MUSEUM VISIT: SORAYAMA AT THE CREATIVE MUSEUM


One of the best exhibitions this year is undoubtedly SORAYAMA: LIGHT, REFLECTION, TRANSPARENCY - TOKYO - at the Creative Museum in the recently opened Toda Building, next to the ARTIZON (also a relatively new addition to Tokyo's ever-changing cityscape). 

Sorayama may strike some as a rather limited artist. Since the 1970s he has focused on the sort of sexy iconography and feminised robots that would look at home in a glossy 80s porno mag. In fact, a lot of his art did appear in Penthouse Magazine, as well as Heavy Metal, the American science fantasy comics magazine.

His template seems to be the Maschinenmensch from Fritz Lang's 1927 movie Metropolis


Other touchstones are Star Wars, Disney, and the kind of dehumanised super model aesthetic channelled by the likes of Grace Jones, another 1980s reference point. 

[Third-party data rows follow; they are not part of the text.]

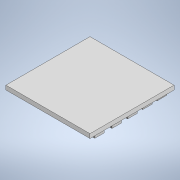
# Autodesk Inventor part: hall_toll
Saved by Autodesk Inventor 2021 (Build 250183000, 183)
## iProperties
Created: 2021-03-01
Part Number: hall_toll
Material: Generic
Document SubType Name: Modeling
Designer: Patrick
Density: 1 g/cm^3
Appearance: Default
Author: Patrick
Autodesk Inventor part; units mm, degrees
(part 1 of 2)
ref_plane "YZ Plane" through (0, 0, 0) normal (1, 0, 0) x (0, 1, 0)
ref_plane "XZ Plane" through (0, 0, 0) normal (0, 1, 0) x (-1, 0, 0)
ref_plane "XY Plane" through (0, 0, 0) normal (0, 0, 1) x (1, 0, 0)
sketch "Sketch1" plane through (0, 0, 0) normal (0, 1, 0) x (-1, 0, 0)
  line L0 (0, -5.8586) -> (50.8, -5.8586)
  line L1 (50.8, -5.8586) -> (50.8, -56.6586)
  line L2 (50.8, -56.6586) -> (0, -56.6586)
  line L3 (0, -56.6586) -> (0, -5.8586)
  line L4 (0, 0) -> (0, 2.7804) construction
  line L5 (15.8266, -10.75) -> (12.7532, -10.75)
  line L6 (12.7532, -10.75) -> (12.7532, -14.7378)
  line L7 (12.7532, -14.7378) -> (15.8266, -14.7378)
  line L8 (15.8266, -14.7378) -> (15.8266, -10.75)
  line L9 (15.8266, -10.75) -> (12.7532, -14.7378) construction
  line L10 (12.7532, -10.75) -> (15.8266, -14.7378) construction
  line L11 (16.6394, -9.9372) -> (11.9404, -9.9372)
  line L12 (11.9404, -9.9372) -> (11.9404, -15.5506)
  line L13 (11.9404, -15.5506) -> (16.6394, -15.5506)
  line L14 (16.6394, -15.5506) -> (16.6394, -9.9372)
  line L15 (16.6394, -9.9372) -> (11.9404, -15.5506) construction
  line L16 (11.9404, -9.9372) -> (16.6394, -15.5506) construction
  line L17 (11.9404, -10.9532) -> (16.6394, -10.9532)
  line L18 (16.6394, -10.9532) -> (16.6394, -14.5346)
  line L19 (16.6394, -14.5346) -> (11.9404, -14.5346)
  line L20 (11.9404, -14.5346) -> (11.9404, -10.9532)
  line L21 (11.9404, -10.9532) -> (16.6394, -14.5346) construction
  line L22 (16.6394, -10.9532) -> (11.9404, -14.5346) construction
  line L23 (15.8118, -21.1328) -> (12.6884, -21.1328)
  line L24 (12.6884, -21.1328) -> (12.6884, -25.1706)
  line L25 (12.6884, -25.1706) -> (15.8118, -25.1706)
  line L26 (15.8118, -25.1706) -> (15.8118, -21.1328)
  line L27 (15.8118, -21.1328) -> (12.6884, -25.1706) construction
  line L28 (12.6884, -21.1328) -> (15.8118, -25.1706) construction
  line L29 (16.6246, -20.32) -> (11.8756, -20.32)
  line L30 (11.8756, -20.32) -> (11.8756, -25.9834)
  line L31 (11.8756, -25.9834) -> (16.6246, -25.9834)
  line L32 (16.6246, -25.9834) -> (16.6246, -20.32)
  line L33 (16.6246, -20.32) -> (11.8756, -25.9834) construction
  line L34 (11.8756, -20.32) -> (16.6246, -25.9834) construction
  line L35 (11.8756, -21.361) -> (16.6246, -21.361)
  line L36 (16.6246, -21.361) -> (16.6246, -24.9424)
  line L37 (16.6246, -24.9424) -> (11.8756, -24.9424)
  line L38 (11.8756, -24.9424) -> (11.8756, -21.361)
  line L39 (11.8756, -21.361) -> (16.6246, -24.9424) construction
  line L40 (16.6246, -21.361) -> (11.8756, -24.9424) construction
  line L41 (12.6374, -34.9027) -> (15.8108, -34.9027)
  line L42 (11.8246, -34.6495) -> (11.8246, -31.0681)
  line L43 (16.6236, -34.6495) -> (11.8246, -34.6495)
  line L44 (11.8246, -35.7155) -> (16.6236, -35.7155)
  line L45 (12.6374, -30.8149) -> (12.6374, -34.9027)
  line L46 (11.8246, -30.0021) -> (11.8246, -35.7155)
  line L47 (15.8108, -30.8149) -> (12.6374, -34.9027) construction
  line L48 (15.8108, -34.9027) -> (15.8108, -30.8149)
  line L49 (12.6374, -30.8149) -> (15.8108, -34.9027) construction
  line L50 (16.6236, -31.0681) -> (11.8246, -34.6495) construction
  line L51 (16.6236, -31.0681) -> (16.6236, -34.6495)
  line L52 (11.8246, -31.0681) -> (16.6236, -34.6495) construction
  line L53 (11.8246, -30.0021) -> (16.6236, -35.7155) construction
  line L54 (16.6236, -30.0021) -> (11.8246, -35.7155) construction
  line L55 (16.6236, -35.7155) -> (16.6236, -30.0021)
  line L56 (11.8246, -31.0681) -> (16.6236, -31.0681)
  line L57 (16.6236, -30.0021) -> (11.8246, -30.0021)
  line L58 (15.8108, -30.8149) -> (12.6374, -30.8149)
  line L59 (15.8942, -40.2355) -> (12.6708, -40.2355)
  line L60 (12.6708, -44.3733) -> (15.8942, -44.3733)
  line L61 (16.707, -40.5137) -> (16.707, -44.0951)
  line L62 (11.858, -44.0951) -> (11.858, -40.5137)
  line L63 (12.6708, -40.2355) -> (12.6708, -44.3733)
  line L64 (15.8942, -44.3733) -> (15.8942, -40.2355)
  line L65 (11.858, -40.5137) -> (16.707, -40.5137)
  line L66 (16.707, -44.0951) -> (11.858, -44.0951)
  line L67 (15.8942, -40.2355) -> (12.6708, -44.3733) construction
  line L68 (12.6708, -40.2355) -> (15.8942, -44.3733) construction
  line L69 (16.707, -39.4227) -> (11.858, -39.4227)
  line L70 (11.858, -45.1861) -> (16.707, -45.1861)
  line L71 (16.707, -40.5137) -> (11.858, -44.0951) construction
  line L72 (11.858, -40.5137) -> (16.707, -44.0951) construction
  line L73 (16.707, -45.1861) -> (16.707, -39.4227)
  line L74 (11.858, -39.4227) -> (16.707, -45.1861) construction
  line L75 (16.707, -39.4227) -> (11.858, -45.1861) construction
  line L76 (11.858, -39.4227) -> (11.858, -45.1861)
  line L77 (12.6807, -53.397) -> (15.9541, -53.397)
  line L78 (11.8679, -53.0938) -> (11.8679, -49.5124)
  line L79 (12.6807, -49.2092) -> (12.6807, -53.397)
  line L80 (16.7669, -53.0938) -> (11.8679, -53.0938)
  line L81 (11.8679, -54.2098) -> (16.7669, -54.2098)
  line L82 (15.9541, -49.2092) -> (12.6807, -53.397) construction
  line L83 (15.9541, -53.397) -> (15.9541, -49.2092)
  line L84 (15.9541, -49.2092) -> (12.6807, -49.2092)
  line L85 (16.7669, -49.5124) -> (16.7669, -53.0938)
  line L86 (11.8679, -48.3964) -> (11.8679, -54.2098)
  line L87 (16.7669, -49.5124) -> (11.8679, -53.0938) construction
  line L88 (11.8679, -49.5124) -> (16.7669, -53.0938) construction
  line L89 (11.8679, -49.5124) -> (16.7669, -49.5124)
  line L90 (16.7669, -48.3964) -> (11.8679, -48.3964)
  line L91 (16.7669, -48.3964) -> (11.8679, -54.2098) construction
  line L92 (11.8679, -48.3964) -> (16.7669, -54.2098) construction
  line L93 (16.7669, -54.2098) -> (16.7669, -48.3964)
  line L94 (12.6807, -49.2092) -> (15.9541, -53.397) construction
  point P0 (14.2899, -12.7439)
  point P1 (14.2899, -12.7439)
  point P2 (14.2899, -12.7439)
  point P3 (14.2899, -12.7439)
  point P4 (14.2899, -12.7439)
  point P5 (14.2501, -23.1517)
  point P6 (14.2501, -23.1517)
  point P7 (14.2501, -23.1517)
  point P8 (14.2501, -23.1517)
  point P9 (14.2501, -23.1517)
  point P10 (14.2241, -32.8588)
  point P11 (14.2241, -32.8588)
  point P12 (14.2241, -32.8588)
  point P13 (14.2241, -32.8588)
  point P14 (14.2241, -32.8588)
  point P15 (14.2825, -42.3044)
  point P16 (14.2825, -42.3044)
  point P17 (14.2825, -42.3044)
  point P18 (14.2825, -42.3044)
  point P19 (14.2825, -42.3044)
  point P20 (14.3174, -51.3031)
  point P21 (14.3174, -51.3031)
  point P22 (14.3174, -51.3031)
  point P23 (14.3174, -51.3031)
  point P24 (14.3174, -51.3031)
  point P25 (12.6807, -53.0938)
  point P26 (12.6807, -49.5124)
  point P27 (12.6708, -44.0951)
  point P28 (12.6708, -40.5137)
  point P29 (12.6374, -34.6495)
  point P30 (12.6374, -31.0681)
  point P31 (12.6884, -21.361)
  point P32 (12.6884, -24.9424)
  point P33 (12.7532, -14.5346)
  point P34 (12.7532, -10.9532)
  dimension "d1" = 50.8
  dimension "d8" = 3.9878
  dimension "d9" = 3.0734
  dimension "d10" = 0.8128
  dimension "d11" = 0.8128
  dimension "d12" = 3.5814
  dimension "d13" = 4.0378
  dimension "d14" = 3.1234
  dimension "d15" = 0.8128
  dimension "d16" = 0.8128
  dimension "d17" = 3.5814
  dimension "d18" = 4.0878
  dimension "d19" = 3.1734
  dimension "d20" = 0.8128
  dimension "d21" = 0.8128
  dimension "d22" = 3.5814
  dimension "d23" = 4.1378
  dimension "d24" = 3.2234
  dimension "d25" = 0.8128
  dimension "d26" = 0.8128
  dimension "d27" = 3.5814
  dimension "d28" = 4.1878
  dimension "d29" = 3.2734
  dimension "d30" = 0.8128
  dimension "d31" = 0.8128
  dimension "d32" = 3.5814
  constraints: 190 end point, 50 midpoint, 32 parallel, 16 horizontal, 16 perpendicular, 5 collinear, 1 vertical
  measures "d1" distance between parallel lines of L3 L1
  measures "d8" distance of L5.end L6.end
  measures "d9" distance between parallel lines of L6 L8
  measures "d10" distance between parallel lines of L13 L7
  measures "d11" distance between parallel lines of L12 L6
  measures "d12" distance between parallel lines of L19 L17
  measures "d13" distance of L24.start L25.start
  measures "d14" distance between parallel lines of L24 L26
  measures "d15" distance between parallel lines of L31 L25
  measures "d16" distance between parallel lines of L30 L24
  measures "d17" distance between parallel lines of L37 L35
  measures "d18" distance of L58.end L41.start
  measures "d19" distance between parallel lines of L45 L48
  measures "d20" distance between parallel lines of L44 L41
  measures "d21" distance between parallel lines of L46 L45
  measures "d22" distance between parallel lines of L43 L56
  measures "d23" distance of L63.start L60.start
  measures "d24" distance between parallel lines of L63 L64
  measures "d25" distance between parallel lines of L70 L60
  measures "d26" distance between parallel lines of L76 L63
  measures "d27" distance between parallel lines of L66 L65
  measures "d28" distance of L84.end L79.end
  measures "d29" distance between parallel lines of L79 L83
  measures "d30" distance between parallel lines of L81 L77
  measures "d31" distance between parallel lines of L86 L79
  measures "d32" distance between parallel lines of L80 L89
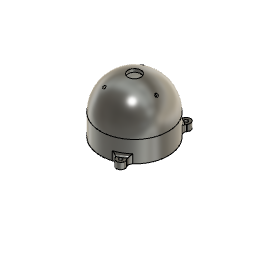
SensorHolder_top_V1_0 (Autodesk Fusion 360 design; units mm, degrees)
Autodesk Fusion 360 part; units mm, degrees
sketch "Sketch1" plane through (0, 0, 15) normal (0, 0, 1) x (-1, 0, 0)
  arc A0 (-14.673939, 33.097217) -> (-21.602142, 29.097217) centre (-18.13804, 31.097217) ccw
  line L0 (-21.602142, 29.097217) -> (-21.133716, 28.285878)
  arc A1 (-21.864726, 23.365225) -> (-21.133716, 28.285878) centre (-24.597817, 26.285878) ccw
  arc A2 (-21.864726, 23.365225) -> (-21.651614, -23.562844) centre (0, 0) ccw
  arc A3 (-20.893965, -28.508199) -> (-21.651614, -23.562844) centre (-24.358066, -26.508199) ccw
  line L1 (-20.893965, -28.508199) -> (-21.326061, -29.256612)
  arc A4 (-21.326061, -29.256612) -> (-14.397858, -33.256612) centre (-17.86196, -31.256612) ccw
  line L2 (-14.397858, -33.256612) -> (-13.929431, -32.445274)
  arc A5 (-9.302515, -30.618021) -> (-13.929431, -32.445274) centre (-10.46533, -34.445274) ccw
  arc A6 (-9.302515, -30.618021) -> (31.231828, -6.969426) centre (0, 0) ccw
  arc A7 (35.135807, -3.840605) -> (31.231828, -6.969426) centre (35.135807, -7.840605) ccw
  line L3 (35.135807, -3.840605) -> (36, -3.840605)
  arc A8 (36, -3.840605) -> (36, 4.159395) centre (36, 0.159395) ccw
  line L4 (36, 4.159395) -> (35.063147, 4.159395)
  arc A9 (31.167242, 7.252796) -> (35.063147, 4.159395) centre (35.063147, 8.159395) ccw
  arc A10 (31.167242, 7.252796) -> (-9.580214, 30.53227) centre (0, 0) ccw
  arc A11 (-14.241842, 32.348804) -> (-9.580214, 30.53227) centre (-10.777741, 34.348804) ccw
  line L5 (-14.241842, 32.348804) -> (-14.673939, 33.097217)
  circle A12 centre (-17.86196, -31.256612) radius 1.6
  circle A13 centre (-18.138041, 31.097217) radius 1.6
  circle A14 centre (36, 0.159395) radius 1.6
  circle A15 centre (12.84, 0) radius 8.14
  circle A16 centre (-12.66, 0) radius 8.14
  arc A17 (-9.302515, -30.618021) -> (31.231828, -6.969426) centre (0, 0) ccw
  arc A18 (35.135807, -3.840605) -> (31.231828, -6.969426) centre (35.135807, -7.840605) ccw
  arc A19 (36, -3.840605) -> (36, 4.159395) centre (36, 0.159395) ccw
  arc A20 (31.167242, 7.252796) -> (35.063147, 4.159395) centre (35.063147, 8.159395) ccw
  line L6 (36, 4.159395) -> (35.063147, 4.159395)
  line L7 (36, -3.840605) -> (35.135807, -3.840605)
  arc A21 (31.167242, 7.252796) -> (-9.580214, 30.53227) centre (0, 0) ccw
  arc A22 (-14.241842, 32.348804) -> (-9.580214, 30.53227) centre (-10.777741, 34.348804) ccw
  line L8 (-14.673939, 33.097217) -> (-14.241842, 32.348804)
  arc A23 (-14.673939, 33.097217) -> (-21.602142, 29.097217) centre (-18.13804, 31.097217) ccw
  line L9 (-21.602142, 29.097217) -> (-21.133716, 28.285878)
  arc A24 (-21.864726, 23.365225) -> (-21.133716, 28.285878) centre (-24.597817, 26.285878) ccw
  circle A25 centre (-18.138041, 31.097217) radius 1.6
  circle A26 centre (36, 0.159395) radius 1.6
  arc A27 (-9.302515, -30.618021) -> (-13.929431, -32.445274) centre (-10.46533, -34.445274) ccw
  line L10 (-14.397858, -33.256612) -> (-13.929431, -32.445274)
  arc A28 (-21.326061, -29.256612) -> (-14.397858, -33.256612) centre (-17.86196, -31.256612) ccw
  arc A29 (-20.893965, -28.508199) -> (-21.651614, -23.562844) centre (-24.358066, -26.508199) ccw
  line L11 (-21.326061, -29.256612) -> (-20.893965, -28.508199)
  arc A30 (-21.864726, 23.365225) -> (-21.651614, -23.562844) centre (0, 0) ccw
  circle A31 centre (-17.86196, -31.256612) radius 1.6
  circle A32 centre (0, 0) radius 29
extrude "Extrude1" add sketch "Sketch1" along normal blind 6 contours A0 L0 A1 A2 A3 L1 A4 L2 A5 A6 A7 L3 A8 L4 A9 A10 A11 L5 A17 A18 A19 A20 L6 L7 A21 A22 L8 A23 L9 A24 A27 L10 A28 A29 L11 A30 picked at (-17.533676, -27.072144)
sketch "Sketch2" plane through (0, 0, 21) normal (0, 0, 1) x (-1, 0, 0)
  circle A0 centre (-17.86196, -31.256612) radius 1.6
  circle A1 centre (0, 0) radius 29
  circle A2 centre (-18.138041, 31.097217) radius 1.6
  circle A3 centre (36, 0.159395) radius 1.6
  arc A4 (-14.673939, 33.097217) -> (-21.602142, 29.097217) centre (-18.13804, 31.097217) ccw
  line L0 (-21.602142, 29.097217) -> (-21.133716, 28.285878)
  arc A5 (-21.864726, 23.365225) -> (-21.133716, 28.285878) centre (-24.597817, 26.285878) ccw
  arc A6 (-21.864726, 23.365225) -> (-21.651614, -23.562844) centre (0, 0) ccw
  arc A7 (-20.893965, -28.508199) -> (-21.651614, -23.562844) centre (-24.358066, -26.508199) ccw
  line L1 (-20.893965, -28.508199) -> (-21.326061, -29.256612)
  arc A8 (-21.326061, -29.256612) -> (-14.397858, -33.256612) centre (-17.86196, -31.256612) ccw
  line L2 (-14.397858, -33.256612) -> (-13.929431, -32.445274)
  arc A9 (-9.302515, -30.618021) -> (-13.929431, -32.445274) centre (-10.46533, -34.445274) ccw
  arc A10 (-9.302515, -30.618021) -> (31.231828, -6.969426) centre (0, 0) ccw
  arc A11 (35.135807, -3.840605) -> (31.231828, -6.969426) centre (35.135807, -7.840605) ccw
  line L3 (35.135807, -3.840605) -> (36, -3.840605)
  arc A12 (36, -3.840605) -> (36, 4.159395) centre (36, 0.159395) ccw
  line L4 (36, 4.159395) -> (35.063147, 4.159395)
  arc A13 (31.167242, 7.252796) -> (35.063147, 4.159395) centre (35.063147, 8.159395) ccw
  arc A14 (31.167242, 7.252796) -> (-9.580214, 30.53227) centre (0, 0) ccw
  arc A15 (-14.241842, 32.348804) -> (-9.580214, 30.53227) centre (-10.777741, 34.348804) ccw
  line L5 (-14.241842, 32.348804) -> (-14.673939, 33.097217)
  circle A16 centre (0, 0) radius 29
  circle A17 centre (0, 0) radius 32
extrude "Extrude2" add sketch "Sketch2" along normal blind 14 contours A6 A10 A14 A17 picked at (29.538785, 9.206455)
fillet "Fillet1" radius 2.25 3 edges at (16.125684, -27.639868, 21) (-31.99967, -0.145318, 21) (15.873986, 27.785186, 21)
sketch "Sketch3" plane through (0, 0, 0) normal (1, 0, 0) x (0, 1, 0)
  line L0 (32, 35) -> (-32, 35) construction
  line L1 (0, 81.000001) -> (0, 57.000001) construction
  circle A0 centre (0, 35) radius 32
  line L2 (0, 35) -> (32, 35)
  line L3 (0, 35) -> (0, 67)
  circle A1 centre (0, 35) radius 29
  dimension "d96" = 3
  constraint perpendicular L0 L1
  constraint midpoint L0 A0.centre
  constraint coincident L0.start A0
  constraint coincident A0.centre L2.start
  constraint coincident L0.start L2.end
  constraint coincident A0 L3.end
  constraint perpendicular L0 L3
  constraint concentric A0 A1
  measures "d96" distance of A0 A1
revolve "Revolve1" add sketch "Sketch3" angle 360 about axis through (0, 0, 15) along (0, 0, -1) contours A0 L2 L3 A1 picked at (1.518025, 65.891429)
ref_plane "WorkPlane1" through (0, 0, 67) normal (0, 0, 1) x (1, 0, 0)
sketch "Sketch4" plane through (0, 0, 67) normal (0, 0, 1) x (1, 0, 0)
  circle A0 centre (0, 0) radius 6
  dimension "d99" = 12
  constraint coincident A0.centre origin
  measures "d99" diameter of A0
extrude "Extrude3" cut sketch "Sketch4" along normal up to surface contours A0 picked at (0.405498, -1.776603) end surface at (-21.345827, -19.262073, 38.78526)
sketch "Sketch5" plane through (0, 0, 0) normal (0, 1, 0) x (1, 0, 0)
  line L0 (0.339643, -38.660358) -> (28.339643, -66.660358) construction
  line L1 (0, -67) -> (0, -3) construction
  line L2 (22.856942, -61.177657) -> (23.846892, -60.187708)
  line L3 (23.846892, -60.187708) -> (20.311358, -56.652174)
  line L4 (20.311358, -56.652174) -> (18.331459, -58.632073)
  line L5 (18.331459, -58.632073) -> (21.866993, -62.167607)
  line L6 (21.866993, -62.167607) -> (22.856942, -61.177657)
  line L7 (22.856942, -61.177657) -> (19.321408, -57.642123)
  point P0 (22.856942, -61.177657)
  dimension "d102" = 45
  dimension "d103" = 5
  dimension "d107" = 2.8
  constraint perpendicular L0 L2
  constraint perpendicular L2 L3
  constraint perpendicular L0 L4
  constraint perpendicular L2 L5
  constraint perpendicular L0 L6
  constraint symmetric L0 L3 L5
  measures "d102" angle of L0 L1
revolve "Revolve2" cut sketch "Sketch5" angle 360 about axis through (0.339643, 0, 38.660358) along (0.70710678, 0, 0.70710678) contours L4 L5 L6 L7 picked at (19.839953, -59.480601)
pattern_circular "C-Pattern1" count 3 over 360 about axis through (0, 0, 15) along (0, 0, 1) of "Revolve2"

What makes this a compelling show is Sorayama's undoubted technique and his dedication to exploring his idealisation of the female form, which is not the soft squishy thing that most of us occasionally encounter, but something with the sleekness, hardness, and even the brutality of an art-deco icon.

Sorayama refers to this as "superrealism," further defined as the technical issues of how close the artist can get to his object. This quest has also led him from canvas to sculpture and video:


But while sculpture can often seem heavy and lumpen, Sorayama's works play tricks with light, bouncing and reflecting it in their mirrored surfaces to constantly recreate themselves as new and unique artworks as the viewer moves his or her vantage point.



The show also includes a mock-up of his desk in his studio, reminding us, if we needed reminding, that this is art and man-made craft, not AI-generated slop:


Another twist that the show throws at you is how much the art is also the viewer.

Art of course is nothing without the eyeballs it attracts, and in this case the reflective propensities of Sorayama's art make this apparent by constantly incorporating the viewer into the artworks, often in unexpected ways.